No habría manera de entender nuestra camaradería sin conocer lo que era calcinar una candelaria antes de tiempo, que nos quemaran la del Corralón, o pasar una tarde de pipas, y con el tiempo litros, en la Cruz de las Azucenas. Tampoco habría forma de entender cómo somos si no se aprecian nuestras marcas en un baño con nocturnidad y voces en la alberca de Alfredo, en el hurto de un brazado de habas de la era de Lechuga o no se nos ve en las canteras del Santo Cristo con el agua hasta la cintura, en invierno y medio desnudos, atrapando cabezolones y tiros. Tampoco sabrían de nuestras raíces si no reconocen nuestros miedos en el silencio de la cueva de la Mona o cuando husmeábamos la presencia de la ‘Encantá’, un disparate de señora que enjuagaba sus pecados en las oscuras aguas del Pilarejo; o no aprecian como, durante horas, nos divertíamos dándole patadas a una pelota, cuando no a una lata, en la era de Vidalón o en la de Casa, o el ancho terrizo de la Vuelta la Pera. Pero, ¿alguien sabría cómo realmente fuimos si no reconoce que, posiblemente, aprendimos lo mismo en una mañana de liria en la Quijá que durante toda una semana en el colegio? La esfera de nuestra enseñanza también dejó sus huellas en una camá de olivas de la Campiñuela o en los caballones de la huerta Zambrana… y a la postre, por ceporros, nuestras marcas siempre se dictaban una tarde de verano bajo la parra de Patricio.

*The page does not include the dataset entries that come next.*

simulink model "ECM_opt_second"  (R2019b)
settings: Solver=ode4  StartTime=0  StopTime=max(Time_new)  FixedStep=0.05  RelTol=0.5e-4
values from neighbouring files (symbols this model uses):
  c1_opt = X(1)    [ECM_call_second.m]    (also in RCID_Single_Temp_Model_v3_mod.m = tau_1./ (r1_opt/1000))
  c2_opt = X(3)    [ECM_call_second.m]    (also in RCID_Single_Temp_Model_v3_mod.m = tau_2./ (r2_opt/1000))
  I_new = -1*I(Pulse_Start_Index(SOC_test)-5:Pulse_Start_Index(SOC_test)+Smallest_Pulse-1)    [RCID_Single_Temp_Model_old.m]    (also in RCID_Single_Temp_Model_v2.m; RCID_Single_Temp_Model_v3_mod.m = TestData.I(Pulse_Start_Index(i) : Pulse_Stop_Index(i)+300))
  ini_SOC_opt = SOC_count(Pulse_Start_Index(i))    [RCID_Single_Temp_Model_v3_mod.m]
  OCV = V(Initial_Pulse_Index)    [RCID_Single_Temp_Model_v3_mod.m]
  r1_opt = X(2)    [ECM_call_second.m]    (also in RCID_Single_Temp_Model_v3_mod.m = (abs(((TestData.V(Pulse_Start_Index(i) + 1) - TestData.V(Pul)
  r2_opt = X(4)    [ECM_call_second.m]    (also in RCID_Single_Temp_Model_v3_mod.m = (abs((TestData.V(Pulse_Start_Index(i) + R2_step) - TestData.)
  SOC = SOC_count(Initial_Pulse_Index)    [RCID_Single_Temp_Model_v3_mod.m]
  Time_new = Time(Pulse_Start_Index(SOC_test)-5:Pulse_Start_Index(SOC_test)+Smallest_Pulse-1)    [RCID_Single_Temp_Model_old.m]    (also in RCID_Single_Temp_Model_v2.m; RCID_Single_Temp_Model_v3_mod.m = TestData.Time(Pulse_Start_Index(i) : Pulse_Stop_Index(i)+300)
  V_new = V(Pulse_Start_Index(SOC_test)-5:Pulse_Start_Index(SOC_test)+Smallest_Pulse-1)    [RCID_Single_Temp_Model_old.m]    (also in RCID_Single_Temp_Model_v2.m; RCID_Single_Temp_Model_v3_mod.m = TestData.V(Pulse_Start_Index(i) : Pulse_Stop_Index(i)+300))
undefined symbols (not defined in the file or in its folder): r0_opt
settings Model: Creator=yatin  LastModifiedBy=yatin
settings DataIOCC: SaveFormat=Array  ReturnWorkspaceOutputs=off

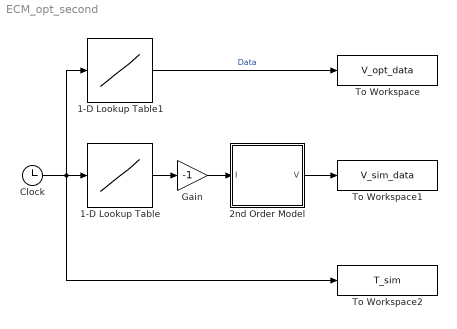
== system ECM_opt_second ==
  1-D Lookup Table : Lookup_n-D  NumberOfTableDimensions=1  BreakpointsForDimension1=Time_new  Table=I_new  InternalRulePriority=Speed  RndMeth=Simplest  InputSameDT=on
  1-D Lookup Table1 : Lookup_n-D  NumberOfTableDimensions=1  BreakpointsForDimension1=Time_new  Table=V_new  InternalRulePriority=Speed  RndMeth=Simplest  InputSameDT=on
  2nd Order Model : Subsystem
  Clock : Clock
  Gain : Gain  Gain=-1
  To Workspace : ToWorkspace  VariableName=V_opt_data  SampleTime=-1
  To Workspace1 : ToWorkspace  VariableName=V_sim_data  SampleTime=-1
  To Workspace2 : ToWorkspace  VariableName=T_sim  SampleTime=-1
  wires:
  1-D Lookup Table1/1 -> To Workspace/1  "Data"
  Clock/1 -> 1-D Lookup Table1/1, To Workspace2/1, 1-D Lookup Table/1
  2nd Order Model/1(V) -> To Workspace1/1
  1-D Lookup Table/1 -> Gain/1
  Gain/1 -> 2nd Order Model/1(I)

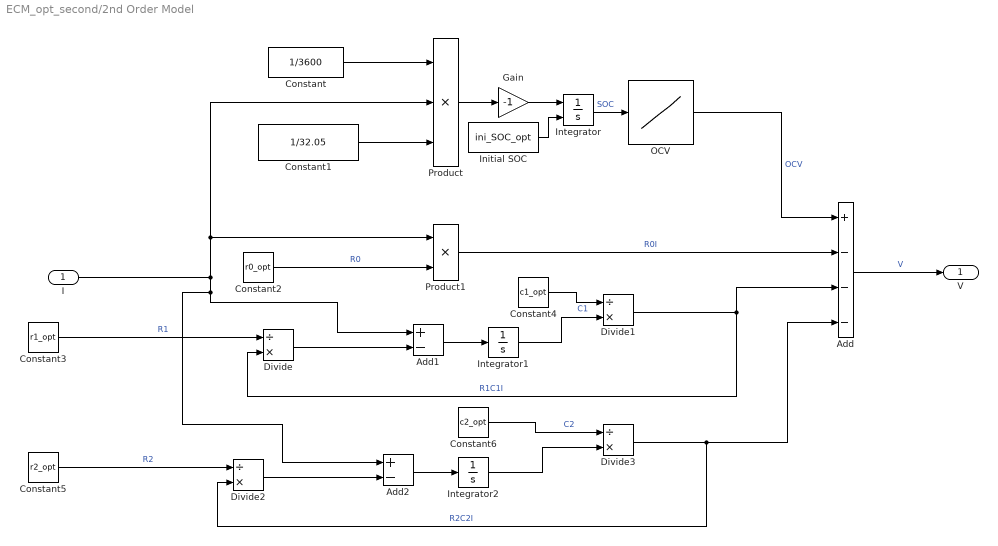
== system ECM_opt_second/2nd Order Model ==
  I : Inport
  Add : Sum  Inputs=+---
  Add1 : Sum  Inputs=+-
  Add2 : Sum  Inputs=+-
  Constant : Constant  Value=1/3600
  Constant1 : Constant  Value=1/32.05
  Constant2 : Constant  Value=r0_opt
  Constant3 : Constant  Value=r1_opt
  Constant4 : Constant  Value=c1_opt
  Constant5 : Constant  Value=r2_opt
  Constant6 : Constant  Value=c2_opt
  Divide{,1..3} (4 alike) : Product  Inputs=/*
  Gain : Gain  Gain=-1
  Initial SOC : Constant  Value=ini_SOC_opt
  Integrator : Integrator  InitialConditionSource=external
  Integrator1 : Integrator  UpperSaturationLimit=1  LowerSaturationLimit=0
  Integrator2 : Integrator  UpperSaturationLimit=1  LowerSaturationLimit=0
  OCV : Lookup_n-D  NumberOfTableDimensions=1  BreakpointsForDimension1=flip(SOC)  Table=flip(OCV)  InternalRulePriority=Speed  RndMeth=Simplest  InputSameDT=on
  Product : Product  Inputs=3
  Product1 : Product
  V : Outport
  wires:
  Initial SOC/1 -> Integrator/2
  Constant1/1 -> Product/3
  Product/1 -> Gain/1
  Integrator/1 -> OCV/1  "SOC"
  OCV/1 -> Add/1  "OCV"
  Add/1 -> V/1  "V"
  Product1/1 -> Add/2  "R0I"
  Constant/1 -> Product/1
  Constant2/1 -> Product1/2  "R0"
  Constant3/1 -> Divide/1  "R1"
  Divide/1 -> Add1/2
  Add1/1 -> Integrator1/1
  Integrator1/1 -> Divide1/2
  Constant4/1 -> Divide1/1  "C1"
  Divide1/1 -> Divide/2, Add/3  "R1C1I"
  Divide3/1 -> Add/4, Divide2/2  "R2C2I"
  Constant6/1 -> Divide3/1  "C2"
  I/1 -> Add2/1, Add1/1, Product/2, Product1/1
  Add2/1 -> Integrator2/1
  Integrator2/1 -> Divide3/2
  Divide2/1 -> Add2/2
  Constant5/1 -> Divide2/1  "R2"
  Gain/1 -> Integrator/1
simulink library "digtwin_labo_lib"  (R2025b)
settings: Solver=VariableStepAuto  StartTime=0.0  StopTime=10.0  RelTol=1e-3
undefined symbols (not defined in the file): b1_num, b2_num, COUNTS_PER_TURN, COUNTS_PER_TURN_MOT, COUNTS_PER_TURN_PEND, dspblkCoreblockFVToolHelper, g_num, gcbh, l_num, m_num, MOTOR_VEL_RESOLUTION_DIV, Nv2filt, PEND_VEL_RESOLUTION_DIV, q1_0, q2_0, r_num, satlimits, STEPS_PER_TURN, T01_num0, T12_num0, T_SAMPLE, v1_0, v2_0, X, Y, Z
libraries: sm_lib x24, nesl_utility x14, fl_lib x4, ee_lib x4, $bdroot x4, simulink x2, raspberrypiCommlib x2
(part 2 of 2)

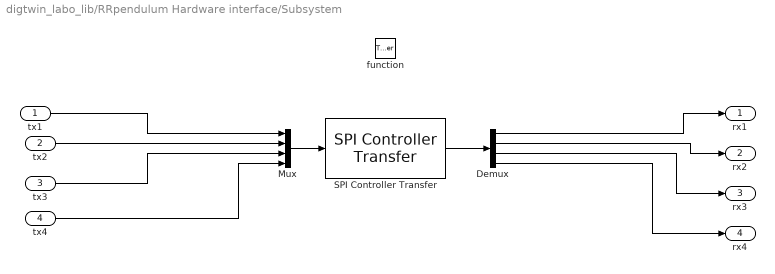
== system digtwin_labo_lib/RRpendulum Hardware interface/Subsystem ==
  tx1 : Inport
  tx2 : Inport  Port=2
  tx3 : Inport  Port=3
  tx4 : Inport  Port=4
  function : TriggerPort  TriggerType=function-call  VariantControl=(inherit)
  Demux : Demux
  Mux : Mux
  SPI Controller Transfer : raspberrypiCommlib/SPI Controller Transfer  BoardProperty=Pi 4 Model B  SSPin=SPI0_CE0  SPIModule=uint32(0)  Mode=Master  BusSpeed=1000000  Pin=uint32(0)  FirstBitToTransfer=Most significant bit (MSB)  ClockMode=0  BlockFunction=Transfer  RegisterAddress=0  OutputDataType=int8  OutputDataLength=1
  rx1 : Outport
  rx2 : Outport  Port=2
  rx3 : Outport  Port=3
  rx4 : Outport  Port=4
  wires:
  Demux/4 -> rx4/1
  tx4/1 -> Mux/4
  Demux/3 -> rx3/1
  tx3/1 -> Mux/3
  Demux/2 -> rx2/1
  Mux/1 -> SPI Controller Transfer/1
  tx2/1 -> Mux/2
  Demux/1 -> rx1/1
  tx1/1 -> Mux/1
  SPI Controller Transfer/1 -> Demux/1

Definitivamente, nuestra memoria también se forjó en las cocinas, en la casa de nuestros mayores, en la escena de una chiquilla reprimida y sumisa que aprendía a coser… o en un beso perdido mientras esculpíamos un corazón, que sería eterno, en la dura roca del Peñón Gordo.

Y quizá, en una esfera menos sentimental, pero siempre nostálgica, qué decir de aquellos hitos, de aquellas marcas que identifican y dotan de memoria a nuestras calles. Valga de ejemplo. Conquista siempre fue Cestería, pero poco más conoceríamos del origen de este antiguo apelativo, que ya no es, si no lo viéramos refrendado en cada uno de los mojinetes de majar esparto que aún hoy salpican alguno de los casuchines de ripio, barro y cal que dibujan esta vieja calle. Porque esa y no otra era la industria que utilizaban sus pobladores, cesteros y canasteros, en su quehacer diario.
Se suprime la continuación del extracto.